Ran one of these on 2 Kenwood 4 ohm speakers, took it like a champ never broke a sweat, comes with remote level control


----------



## GEM592 (Jun 19, 2015)

vwguy383 said:


> Love the old school amps, but I am having a hard time finding one that is 2 ohm stable bridged mono. Right now I have a soundstream lil' wonder bridged 8 ohm to a SS usa 10" sub sealed. It is dual 4 ohm sub. Looking for more power.
> 
> I've been looking around for something but really haven't found anything. What do you guys think? I'm looking for a/b around 200-300 watts at 2 ohm.


There are many old school amps that do that and more, but the "cheap" part might be challenging


----------



## JCsAudio (Jun 16, 2014)

Best bang for the buck and will actually do more than 700 watts on a dyno. Class D is better for subwoofer duty. Class A/B is outdated and overrated. 

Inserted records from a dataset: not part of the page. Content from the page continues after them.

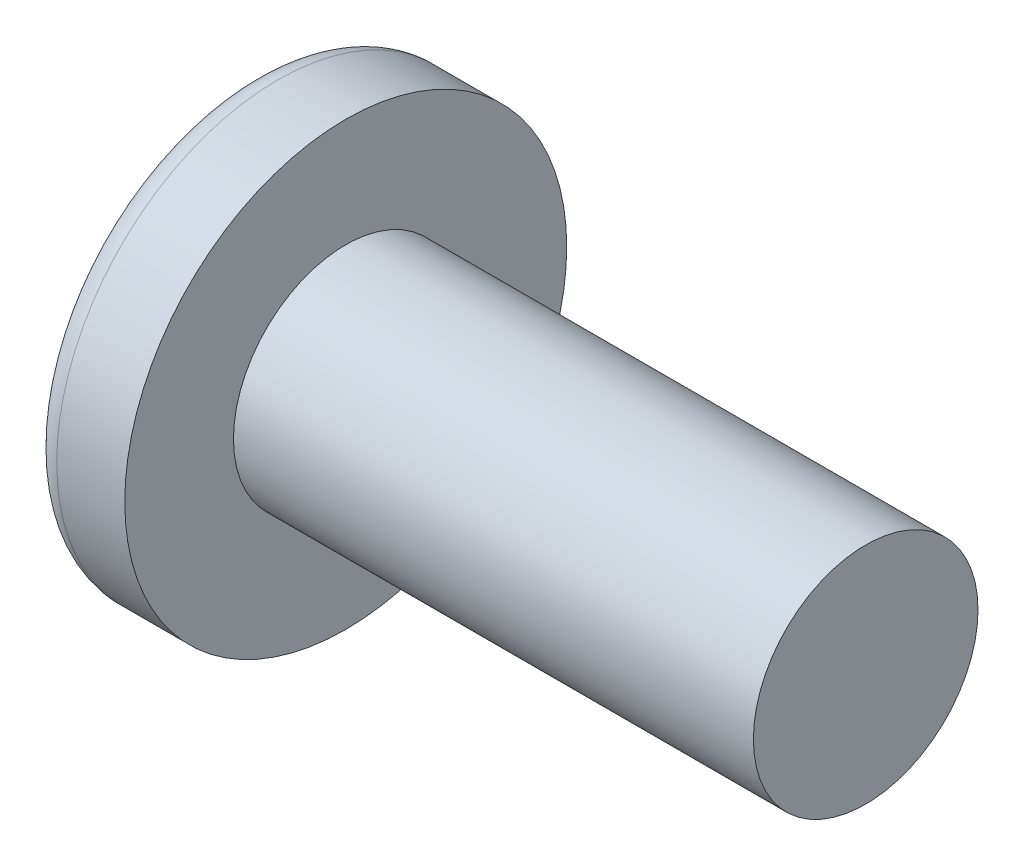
ISO-10303-21;
HEADER;
FILE_DESCRIPTION(('STEP AP214'),'2;1');
FILE_NAME('part.step','',(''),(''),'','','');
FILE_SCHEMA(('AUTOMOTIVE_DESIGN { 1 0 10303 214 1 1 1 1 }'));
ENDSEC;
DATA;
#1=APPLICATION_CONTEXT('core data for automotive mechanical design processes');
#2=APPLICATION_PROTOCOL_DEFINITION('international standard','automotive_design',2000,#1);
#3=PRODUCT_CONTEXT('',#1,'mechanical');
#4=PRODUCT('Part','Part','',(#3));
#5=PRODUCT_RELATED_PRODUCT_CATEGORY('part','',(#4));
#6=PRODUCT_DEFINITION_FORMATION('','',#4);
#7=PRODUCT_DEFINITION_CONTEXT('part definition',#1,'design');
#8=PRODUCT_DEFINITION('design','',#6,#7);
#9=PRODUCT_DEFINITION_SHAPE('','',#8);
#10=(LENGTH_UNIT() NAMED_UNIT(*) SI_UNIT(.MILLI.,.METRE.));
#11=(NAMED_UNIT(*) PLANE_ANGLE_UNIT() SI_UNIT($,.RADIAN.));
#12=(NAMED_UNIT(*) SI_UNIT($,.STERADIAN.) SOLID_ANGLE_UNIT());
#13=UNCERTAINTY_MEASURE_WITH_UNIT(LENGTH_MEASURE(1.E-05),#10,'distance_accuracy_value','');
#14=(GEOMETRIC_REPRESENTATION_CONTEXT(3) GLOBAL_UNCERTAINTY_ASSIGNED_CONTEXT((#13)) GLOBAL_UNIT_ASSIGNED_CONTEXT((#10,
#11,#12)) REPRESENTATION_CONTEXT('',''));
#15=CARTESIAN_POINT('',(0.,0.,0.));
#16=DIRECTION('',(0.,0.,1.));
#17=DIRECTION('',(1.,0.,0.));
#18=AXIS2_PLACEMENT_3D('',#15,#16,#17);
#19=CARTESIAN_POINT('',(8.77824,0.,0.));
#20=DIRECTION('',(-1.,0.,0.));
#21=DIRECTION('',(0.,1.,0.));
#22=AXIS2_PLACEMENT_3D('',#19,#20,#21);
#23=SPHERICAL_SURFACE('',#22,8.77824);
#24=CARTESIAN_POINT('',(1.65778809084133,0.,0.));
#25=DIRECTION('',(-1.,0.,0.));
#26=DIRECTION('',(0.,0.,1.));
#27=AXIS2_PLACEMENT_3D('',#24,#25,#26);
#28=CIRCLE('',#27,5.13387398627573);
#29=CARTESIAN_POINT('',(1.65778809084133,0.,5.13387398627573));
#30=VERTEX_POINT('',#29);
#31=EDGE_CURVE('E153',#30,#30,#28,.T.);
#32=ORIENTED_EDGE('',*,*,#31,.T.);
#33=EDGE_LOOP('',(#32));
#34=FACE_BOUND('',#33,.T.);
#35=CARTESIAN_POINT('',(8.77337578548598,-0.0602781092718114,0.));
#36=DIRECTION('',(-0.0804347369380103,-0.996759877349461,0.));
#37=DIRECTION('',(0.996759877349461,-0.0804347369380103,0.));
#38=AXIS2_PLACEMENT_3D('',#35,#36,#37);
#39=CIRCLE('',#38,8.77803169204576);
#40=CARTESIAN_POINT('',(0.55767879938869,0.602697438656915,3.01937524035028));
#41=VERTEX_POINT('',#40);
#42=CARTESIAN_POINT('',(0.0473558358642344,0.643878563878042,0.643878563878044));
#43=VERTEX_POINT('',#42);
#44=EDGE_CURVE('E184',#41,#43,#39,.T.);
#45=ORIENTED_EDGE('',*,*,#44,.F.);
#46=CARTESIAN_POINT('',(7.13266996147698,0.,-2.10953400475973));
#47=DIRECTION('',(0.615062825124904,0.,0.788478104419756));
#48=DIRECTION('',(0.788478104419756,0.,-0.615062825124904));
#49=AXIS2_PLACEMENT_3D('',#46,#47,#48);
#50=CIRCLE('',#49,8.36058987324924);
#51=CARTESIAN_POINT('',(0.55767879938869,-0.602697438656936,3.01937524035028));
#52=VERTEX_POINT('',#51);
#53=EDGE_CURVE('E149',#41,#52,#50,.T.);
#54=ORIENTED_EDGE('',*,*,#53,.T.);
#55=CARTESIAN_POINT('',(8.77337578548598,0.0602781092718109,0.));
#56=DIRECTION('',(-0.0804347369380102,0.996759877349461,0.));
#57=DIRECTION('',(-0.996759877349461,-0.0804347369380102,0.));
#58=AXIS2_PLACEMENT_3D('',#55,#56,#57);
#59=CIRCLE('',#58,8.77803169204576);
#60=CARTESIAN_POINT('',(0.0473558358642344,-0.643878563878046,0.643878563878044));
#61=VERTEX_POINT('',#60);
#62=EDGE_CURVE('E105',#61,#52,#59,.T.);
#63=ORIENTED_EDGE('',*,*,#62,.F.);
#64=CARTESIAN_POINT('',(8.77337578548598,0.,-0.0602781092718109));
#65=DIRECTION('',(-0.0804347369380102,0.,-0.996759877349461));
#66=DIRECTION('',(-0.996759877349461,0.,0.0804347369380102));
#67=AXIS2_PLACEMENT_3D('',#64,#65,#66);
#68=CIRCLE('',#67,8.77803169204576);
#69=CARTESIAN_POINT('',(0.55767879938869,-3.01937524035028,0.602697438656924));
#70=VERTEX_POINT('',#69);
#71=EDGE_CURVE('E130',#70,#61,#68,.T.);
#72=ORIENTED_EDGE('',*,*,#71,.F.);
#73=CARTESIAN_POINT('',(7.13266996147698,2.10953400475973,0.));
#74=DIRECTION('',(0.615062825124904,-0.788478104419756,0.));
#75=DIRECTION('',(0.788478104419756,0.615062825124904,0.));
#76=AXIS2_PLACEMENT_3D('',#73,#74,#75);
#77=CIRCLE('',#76,8.36058987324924);
#78=CARTESIAN_POINT('',(0.55767879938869,-3.01937524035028,-0.602697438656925));
#79=VERTEX_POINT('',#78);
#80=EDGE_CURVE('E138',#70,#79,#77,.T.);
#81=ORIENTED_EDGE('',*,*,#80,.T.);
#82=CARTESIAN_POINT('',(8.77337578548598,0.,0.0602781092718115));
#83=DIRECTION('',(-0.0804347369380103,0.,0.996759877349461));
#84=DIRECTION('',(0.996759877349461,0.,0.0804347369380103));
#85=AXIS2_PLACEMENT_3D('',#82,#83,#84);
#86=CIRCLE('',#85,8.77803169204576);
#87=CARTESIAN_POINT('',(0.0473558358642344,-0.643878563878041,-0.643878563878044));
#88=VERTEX_POINT('',#87);
#89=EDGE_CURVE('E48',#88,#79,#86,.T.);
#90=ORIENTED_EDGE('',*,*,#89,.F.);
#91=CARTESIAN_POINT('',(0.55767879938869,-0.602697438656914,-3.01937524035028));
#92=VERTEX_POINT('',#91);
#93=EDGE_CURVE('E191',#92,#88,#59,.T.);
#94=ORIENTED_EDGE('',*,*,#93,.F.);
#95=CARTESIAN_POINT('',(7.13266996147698,0.,2.10953400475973));
#96=DIRECTION('',(0.615062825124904,0.,-0.788478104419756));
#97=DIRECTION('',(-0.788478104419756,0.,-0.615062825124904));
#98=AXIS2_PLACEMENT_3D('',#95,#96,#97);
#99=CIRCLE('',#98,8.36058987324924);
#100=CARTESIAN_POINT('',(0.55767879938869,0.602697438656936,-3.01937524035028));
#101=VERTEX_POINT('',#100);
#102=EDGE_CURVE('E131',#92,#101,#99,.T.);
#103=ORIENTED_EDGE('',*,*,#102,.T.);
#104=CARTESIAN_POINT('',(0.0473558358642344,0.643878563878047,-0.643878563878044));
#105=VERTEX_POINT('',#104);
#106=EDGE_CURVE('E179',#105,#101,#39,.T.);
#107=ORIENTED_EDGE('',*,*,#106,.F.);
#108=CARTESIAN_POINT('',(0.55767879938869,3.01937524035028,-0.602697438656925));
#109=VERTEX_POINT('',#108);
#110=EDGE_CURVE('E41',#109,#105,#86,.T.);
#111=ORIENTED_EDGE('',*,*,#110,.F.);
#112=CARTESIAN_POINT('',(7.13266996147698,-2.10953400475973,0.));
#113=DIRECTION('',(0.615062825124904,0.788478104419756,0.));
#114=DIRECTION('',(-0.788478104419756,0.615062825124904,0.));
#115=AXIS2_PLACEMENT_3D('',#112,#113,#114);
#116=CIRCLE('',#115,8.36058987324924);
#117=CARTESIAN_POINT('',(0.55767879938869,3.01937524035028,0.602697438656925));
#118=VERTEX_POINT('',#117);
#119=EDGE_CURVE('E11',#109,#118,#116,.T.);
#120=ORIENTED_EDGE('',*,*,#119,.T.);
#121=EDGE_CURVE('E167',#43,#118,#68,.T.);
#122=ORIENTED_EDGE('',*,*,#121,.F.);
#123=EDGE_LOOP('',(#45,#54,#63,#72,#81,#90,#94,#103,#107,#111,#120,#122));
#124=FACE_BOUND('',#123,.T.);
#125=ADVANCED_FACE('F33',(#34,#124),#23,.T.);
#126=CARTESIAN_POINT('',(4.42835862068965,0.,-0.290348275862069));
#127=DIRECTION('',(-0.0804347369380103,0.,0.996759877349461));
#128=DIRECTION('',(0.996759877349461,0.,0.0804347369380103));
#129=AXIS2_PLACEMENT_3D('',#126,#127,#128);
#130=PLANE('',#129);
#131=ORIENTED_EDGE('',*,*,#110,.T.);
#132=DIRECTION('',(0.993551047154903,-0.0801757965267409,0.0801757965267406));
#133=VECTOR('',#132,1.);
#134=CARTESIAN_POINT('',(4.45148740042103,0.288481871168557,-0.288481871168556));
#135=LINE('',#134,#133);
#136=CARTESIAN_POINT('',(4.0132,0.323850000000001,-0.323849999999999));
#137=VERTEX_POINT('',#136);
#138=EDGE_CURVE('E173',#105,#137,#135,.T.);
#139=ORIENTED_EDGE('',*,*,#138,.T.);
#140=DIRECTION('',(0.786886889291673,-0.613821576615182,0.0634987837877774));
#141=VECTOR('',#140,1.);
#142=CARTESIAN_POINT('',(0.,3.4544,-0.6477));
#143=LINE('',#142,#141);
#144=EDGE_CURVE('E154',#109,#137,#143,.T.);
#145=ORIENTED_EDGE('',*,*,#144,.F.);
#146=EDGE_LOOP('',(#131,#139,#145));
#147=FACE_BOUND('',#146,.T.);
#148=ADVANCED_FACE('F172',(#147),#130,.T.);
#149=DIRECTION('',(0.786886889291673,0.613821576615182,0.0634987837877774));
#150=VECTOR('',#149,1.);
#151=CARTESIAN_POINT('',(0.,-3.4544,-0.6477));
#152=LINE('',#151,#150);
#153=CARTESIAN_POINT('',(4.0132,-0.32385,-0.32385));
#154=VERTEX_POINT('',#153);
#155=EDGE_CURVE('E139',#79,#154,#152,.T.);
#156=ORIENTED_EDGE('',*,*,#155,.T.);
#157=DIRECTION('',(-0.993551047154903,-0.0801757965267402,-0.0801757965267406));
#158=VECTOR('',#157,1.);
#159=CARTESIAN_POINT('',(4.45148740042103,-0.288481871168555,-0.288481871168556));
#160=LINE('',#159,#158);
#161=EDGE_CURVE('E194',#154,#88,#160,.T.);
#162=ORIENTED_EDGE('',*,*,#161,.T.);
#163=ORIENTED_EDGE('',*,*,#89,.T.);
#164=EDGE_LOOP('',(#156,#162,#163));
#165=FACE_BOUND('',#164,.T.);
#166=ADVANCED_FACE('F209',(#165),#130,.T.);
#167=CARTESIAN_POINT('',(4.42835862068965,0.,0.290348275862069));
#168=DIRECTION('',(-0.0804347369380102,0.,-0.996759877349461));
#169=DIRECTION('',(-0.996759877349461,0.,0.0804347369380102));
#170=AXIS2_PLACEMENT_3D('',#167,#168,#169);
#171=PLANE('',#170);
#172=DIRECTION('',(0.786886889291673,-0.613821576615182,-0.0634987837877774));
#173=VECTOR('',#172,1.);
#174=CARTESIAN_POINT('',(0.,3.4544,0.6477));
#175=LINE('',#174,#173);
#176=CARTESIAN_POINT('',(4.0132,0.32385,0.32385));
#177=VERTEX_POINT('',#176);
#178=EDGE_CURVE('E210',#118,#177,#175,.T.);
#179=ORIENTED_EDGE('',*,*,#178,.T.);
#180=DIRECTION('',(-0.993551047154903,0.0801757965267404,0.0801757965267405));
#181=VECTOR('',#180,1.);
#182=CARTESIAN_POINT('',(4.45148740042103,0.288481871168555,0.288481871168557));
#183=LINE('',#182,#181);
#184=EDGE_CURVE('E188',#177,#43,#183,.T.);
#185=ORIENTED_EDGE('',*,*,#184,.T.);
#186=ORIENTED_EDGE('',*,*,#121,.T.);
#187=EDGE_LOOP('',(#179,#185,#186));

https://www.crutchfield.com/S-DWw4HivxBDm/p_109GTX500/JBL-GTX500.html


----------



## POLKAT (Jan 10, 2007)

V8toilet said:


> Best bang for the buck and will actually do more than 700 watts on a dyno. Class D is better for subwoofer duty. Class A/B is outdated and overrated.
> 
> https://www.crutchfield.com/S-DWw4HivxBDm/p_109GTX500/JBL-GTX500.html


That's a really good deal, especially with the service you get from Crutchfield. If you want to save a few more bucks, and don't mind a refurb, that amp is also on eBay for $75

https://www.ebay.com/itm/JBL-GTX500...375387&hash=item41d7355ceb:g:FIAAAOSw3RZaPsEq


----------



## BillC (Feb 26, 2017)

I have an old pioneer gm-7100m that will do about 350 st 2 ohms. It's class ab and rugged. Pioneer has specs for it on their site. I'd take 50 shipped for it. Keep in mind probably cost 20 to ship. Sounds like it will fit your needs


----------



## P0234 (Jul 5, 2018)

V8toilet said:


> Best bang for the buck and will actually do more than 700 watts on a dyno. Class D is better for subwoofer duty. Class A/B is outdated and overrated.
> 
> https://www.crutchfield.com/S-DWw4HivxBDm/p_109GTX500/JBL-GTX500.html


Agreed. I have one and its a great amp. The build quality is great, its almost like a tribute to the old RF Punch 40i. Heavy for how small it is too.


----------



## GEM592 (Jun 19, 2015)

Somebody throws out the phrase "old school" and all the Walmarters come out


----------



## rmenergy (Feb 15, 2009)

SS Ref500, xtant 300, RF T-500(not very OS but <$150 on the bay, old mmats monoblocks, some of the old Japanese amps were 1ohm stable & solid. 

There’s plenty out there if you look around.


----------



## unix_usr (Dec 4, 2013)

eBay or post a WTB on classified here...

I would recommend finding a Zapco DC500.1 - great amp, class A/B, with full parametric eq and dsp built in  can be had for $150 mark in near/new condition. 


Sent from my iPhone using Tapatalk


----------



## tyroneshoes (Mar 21, 2006)

Have a clarion class g/h mono 

450 4 ohm, 850 2 ohm

This was when arc/clairion G/H class amps were the same

https://imgur.com/a/TAPULM5


----------



## deadrx7conv (Aug 25, 2010)

Look in ebay amplifier section and search for 'cheater' or high current 

Not sure why you want a 2-channel amp when you are running 1-channel.... just find a 1 channel amp. 

Usually can find these on ebay all the time:
https://www.amp-performance.de/en/1443-Soundstream-Reference-500.html
https://www.amp-performance.de/en/134-Sony-XM-2252HX.html
https://www.amp-performance.de/en/684-Kicker-XS50-Competition.html


----------



## tyroneshoes (Mar 21, 2006)

deadrx7conv said:


> Look in ebay amplifier section and search for 'cheater' or high current
> 
> Not sure why you want a 2-channel amp when you are running 1-channel.... just find a 1 channel amp.
> 
> ...


Those old kickers were beasts.

To add to the list I also have a sony es 2100g thats 2 ohm stable as well

https://www.amp-performance.de/974-Sony-XM-2100G.html

only thing with these high current is the efficiency is in the 30%s when loaded to a 1 ohm or 2 ohm bridged


----------